Fortschrittliche Liturgiewissenschaftler – also bis auf ein paar Ausnahmen das gesamte liturgiewissenschaftliche Establishment auf dem 2. Vatikanischen Konzil und danach – begehen in ihrem Denken anscheinend einen ganz merkwürdigen grundlegenden Fehler, der ganz nahe bei den Fehlern liegt, die man bei den modernen Bibelkritikern findet.

Wenn Liturgiewissenschaftler sich in die Geschichte der Riten vertiefen, entdecken sie jede Menge Veränderung, Entwicklung, Verschiedenheit und anscheinend zufällige Elemente, etwa: „Es weiß doch jeder, daß Karl der Große letztlich dafür verantwortlich ist, daß der römische Ritus die Gallikanische Liturgie ablöste und dabei viele von dessen Elementen aufnahm“. So weit, so gut. Doch dann ziehen sie eine unbegründete Folgerung: Abgesehen vom Postulat eines „Goldenen Zeitalters“ zur Zeit der Apostel schulden wir den liturgischen Riten aus späteren Stadien ihrer Entwicklung keinerlei Ehrfurcht oder Anerkennung. Da also mittelalterliche und barocke Züge der römischen Liturgie auf historischen Entwicklungen beruhen, sehen sie diese als legitime Objekte der „Bereinigung“ durch die Experten, die schließlich besser wissen, was unseren gegenwärtigen historischen Bedingungen entspricht.

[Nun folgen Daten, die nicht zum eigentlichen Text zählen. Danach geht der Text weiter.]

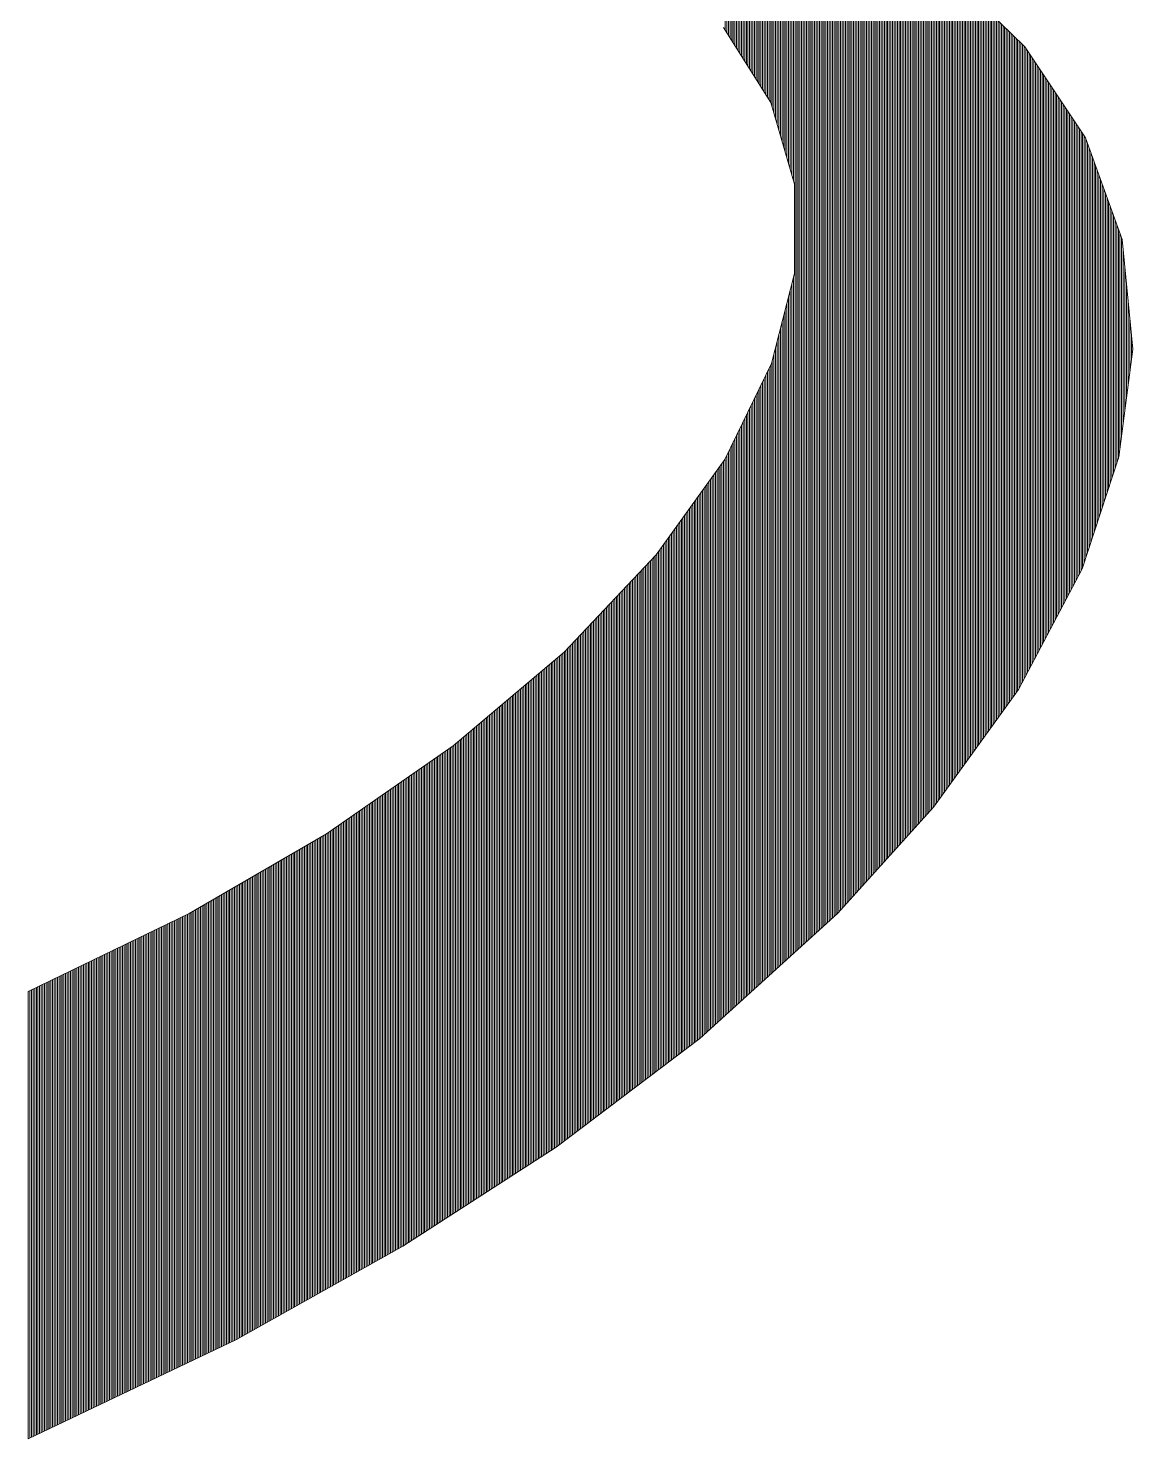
# Model space of a CAD drawing. Header units: millimetres. Extents: x 5 to 846, y 5 to 599.
# Drawn here: x 730.056 to 733.623, y 71.043 to 75.598 of the extents above; entities that cross this region are included whole.
import ezdxf

# ---------------------------------------------------------------- set-up
doc = ezdxf.new("R2010")
doc.units = ezdxf.units.MM
doc.linetypes.add('XKITLINE00', pattern=[0])
doc.layers.add('Outro tipo de objeto', color=7, linetype='Continuous', lineweight=0)

msp = doc.modelspace()

# ---------------------------------------------------------------- linework, layer by layer
at = {"layer": 'Outro tipo de objeto', "color": 1, "linetype": 'XKITLINE00', "lineweight": 0}
for p, q in [((732.3067, 75.5906), (732.3067, 76.1919)), ((732.312, 75.5824), (732.312, 76.1895)), ((732.3172, 75.5741), (732.3172, 76.1871)), ((732.3225, 75.5658), (732.3225, 76.1846)), ((732.3277, 75.5575), (732.3277, 76.1822)), ((732.333, 75.5492), (732.333, 76.1798)), ((732.3382, 75.5409), (732.3382, 76.1773)), ((732.3435, 75.5326), (732.3435, 76.1749)), ((732.3487, 75.5243), (732.3487, 76.1725)), ((732.354, 75.516), (732.354, 76.17)), ((732.3592, 75.5078), (732.3592, 76.1676)), ((732.3645, 75.4995), (732.3645, 76.1652)), ((732.3697, 75.4912), (732.3697, 76.1627)), ((732.375, 75.4829), (732.375, 76.1603)), ((732.3802, 75.4746), (732.3802, 76.1579)), ((732.3854, 75.4663), (732.3854, 76.1554)), ((732.3907, 75.458), (732.3907, 76.153)), ((732.3959, 75.4497), (732.3959, 76.1506)), ((732.4012, 75.4415), (732.4012, 76.1481)), ((732.4064, 75.4332), (732.4064, 76.1457)), ((732.4117, 75.4249), (732.4117, 76.1433)), ((732.4169, 75.4166), (732.4169, 76.1408)), ((732.4222, 75.4083), (732.4222, 76.1384)), ((732.4274, 75.4), (732.4274, 76.136)), ((732.4327, 75.3917), (732.4327, 76.1335)), ((732.4379, 75.3834), (732.4379, 76.1311)), ((732.4432, 75.3752), (732.4432, 76.1287)), ((732.4484, 75.3669), (732.4484, 76.1262)), ((732.4537, 75.3586), (732.4537, 76.1238)), ((732.4589, 75.3416), (732.4589, 76.1214)), ((732.4641, 75.3236), (732.4641, 76.119)), ((732.4694, 75.3055), (732.4694, 76.1165)), ((732.4746, 75.2874), (732.4746, 76.1141)), ((732.4799, 75.2693), (732.4799, 76.1117)), ((732.4851, 75.2512), (732.4851, 76.1092)), ((732.4904, 75.2331), (732.4904, 76.1068)), ((732.4956, 75.2151), (732.4956, 76.1044)), ((732.5009, 75.197), (732.5009, 76.1019)), ((732.5061, 75.1789), (732.5061, 76.0995)), ((732.5114, 75.1608), (732.5114, 76.0971)), ((732.5166, 75.1427), (732.5166, 76.0946)), ((732.5219, 75.1246), (732.5219, 76.0922)), ((732.5271, 75.1066), (732.5271, 76.0898)), ((732.5324, 72.6153), (732.5324, 76.0873)), ((732.5376, 72.6201), (732.5376, 76.0849)), ((732.5429, 72.6248), (732.5429, 76.0825)), ((732.5481, 72.6296), (732.5481, 76.08)), ((732.5533, 72.6344), (732.5533, 76.0776)), ((732.5586, 72.6391), (732.5586, 76.0752)), ((732.5638, 72.6439), (732.5638, 76.0727)), ((732.5691, 72.6486), (732.5691, 76.0703)), ((732.5743, 72.6534), (732.5743, 76.0679)), ((732.5796, 72.6582), (732.5796, 76.0654)), ((732.5848, 72.6629), (732.5848, 76.063)), ((732.5901, 72.6677), (732.5901, 76.0606)), ((732.5953, 72.6724), (732.5953, 76.0581)), ((732.6006, 72.6772), (732.6006, 76.0557)), ((732.6058, 72.6819), (732.6058, 76.0533)), ((732.6111, 72.6867), (732.6111, 76.0508)), ((732.6163, 72.6915), (732.6163, 76.0484)), ((732.6216, 72.6962), (732.6216, 76.046)), ((732.6268, 72.701), (732.6268, 76.0435)), ((732.6321, 72.7057), (732.6321, 76.0411)), ((732.6373, 72.7105), (732.6373, 76.0387)), ((732.6425, 72.7153), (732.6425, 76.0362)), ((732.6478, 72.72), (732.6478, 76.0338)), ((732.653, 72.7248), (732.653, 76.0314)), ((732.6583, 72.7295), (732.6583, 76.0289)), ((732.6635, 72.7343), (732.6635, 76.0265)), ((732.6688, 72.7391), (732.6688, 76.0241)), ((732.674, 72.7448), (732.674, 76.0209)), ((732.6793, 72.7506), (732.6793, 76.0174)), ((732.6845, 72.7564), (732.6845, 76.0139)), ((732.6898, 72.7622), (732.6898, 76.0104)), ((732.695, 72.768), (732.695, 76.0069)), ((732.7003, 72.7738), (732.7003, 76.0034)), ((732.7055, 72.7796), (732.7055, 75.9999)), ((732.7108, 72.7854), (732.7108, 75.9964)), ((732.716, 72.7912), (732.716, 75.9929)), ((732.7212, 72.797), (732.7212, 75.9894)), ((732.7265, 72.8028), (732.7265, 75.9859)), ((732.7317, 72.8086), (732.7317, 75.9824)), ((732.737, 72.8144), (732.737, 75.9789)), ((732.7422, 72.8202), (732.7422, 75.9754)), ((732.7475, 72.826), (732.7475, 75.9719)), ((732.7527, 72.8318), (732.7527, 75.9684)), ((732.758, 72.8376), (732.758, 75.9649)), ((732.7632, 72.8434), (732.7632, 75.9614)), ((732.7685, 72.8492), (732.7685, 75.9579)), ((732.7737, 72.855), (732.7737, 75.9544)), ((732.779, 72.8608), (732.779, 75.9509)), ((732.7842, 72.8666), (732.7842, 75.9474)), ((732.7895, 72.8724), (732.7895, 75.9438)), ((732.7947, 72.8782), (732.7947, 75.9403)), ((732.8, 72.884), (732.8, 75.9368)), ((732.8052, 72.8898), (732.8052, 75.9333)), ((732.8104, 72.8956), (732.8104, 75.9298)), ((732.8157, 72.9014), (732.8157, 75.9263)), ((732.8209, 72.9072), (732.8209, 75.9228)), ((732.8262, 72.913), (732.8262, 75.9193)), ((732.8314, 72.9188), (732.8314, 75.9158)), ((732.8367, 72.9246), (732.8367, 75.9123)), ((732.8419, 72.9304), (732.8419, 75.9088)), ((732.8472, 72.9362), (732.8472, 75.9053)), ((732.8524, 72.942), (732.8524, 75.9018)), ((732.8577, 72.9478), (732.8577, 75.8983)), ((732.8629, 72.9536), (732.8629, 75.8948)), ((732.8682, 72.9594), (732.8682, 75.8913)), ((732.8734, 72.9652), (732.8734, 75.8878)), ((732.8787, 72.971), (732.8787, 75.8843)), ((732.8839, 72.9768), (732.8839, 75.8808)), ((732.8891, 72.9826), (732.8891, 75.8773)), ((732.8944, 72.9884), (732.8944, 75.8738)), ((732.8996, 72.9942), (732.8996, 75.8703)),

Diese Denkweise offenbart einen Mangel an metaphysischer und theologischer Gesamtschau davon, wie die göttliche Vorsehung wirkt und die Dinge nicht nur im Großen, sondern auch in den Einzelheiten leitet. Für uns hienieden mit unserem schwachen und begrenzten Verständnis von den Zusammenhängen ist nur die Zufälligkeit sichtbar – aber in den Augen Gottes gibt es keine Zufälle. Er sieht und bewirkt alles. Ohne einen angemessenen Begriff von Vorsehung und ohne Vertrauen darauf sind wir leicht geneigt, in die Sünde zu verfallen, die Früchte einer organischen liturgischen Entwicklung so zu beurteilen und zu verwerfen, als ob wir Modernen unseren Vorvätern überlegen wären. Die Grundannahme christlichen Geschichtsverständnisses ist allerdings, daß unsere Vorväter weiser waren als wir und daß es uns zukommt, das Überlieferte anzunehmen und anzueignen, so weit wir überhaupt in der Lage sind, dem zu entsprechen.

So verfehlt das Denken der Liturgiewissenschaftler die spirituelle Grundhaltung, die wir gegenüber unserem Erbe an den Tag legen sollten, nämlich gegenüber dem, was uns „als Los zugefallen“ ist. Der Psalmist gibt das in vollendeter Form wieder: Funes ceciderunt mihi in praeclaris; etenim haereditas mea praeclara est mihi  - Die Messchnur fiel mir auf liebliches Land, ja, mein Erbe gefällt mir wohl. (15,6) Der Sinn des Verses ist, daß das, was Gott seinem Volk in seiner Väterlichen Fürsorge zugeteilt hat, das wahre und rechte ist, es ist Zeugnis seiner Weisheit. Was uns als Erbe zugefallen ist, sollte zu unserem Wohlgefallen sein und unterliegt nicht unserer Beurteilung oder gar Geringschätzung.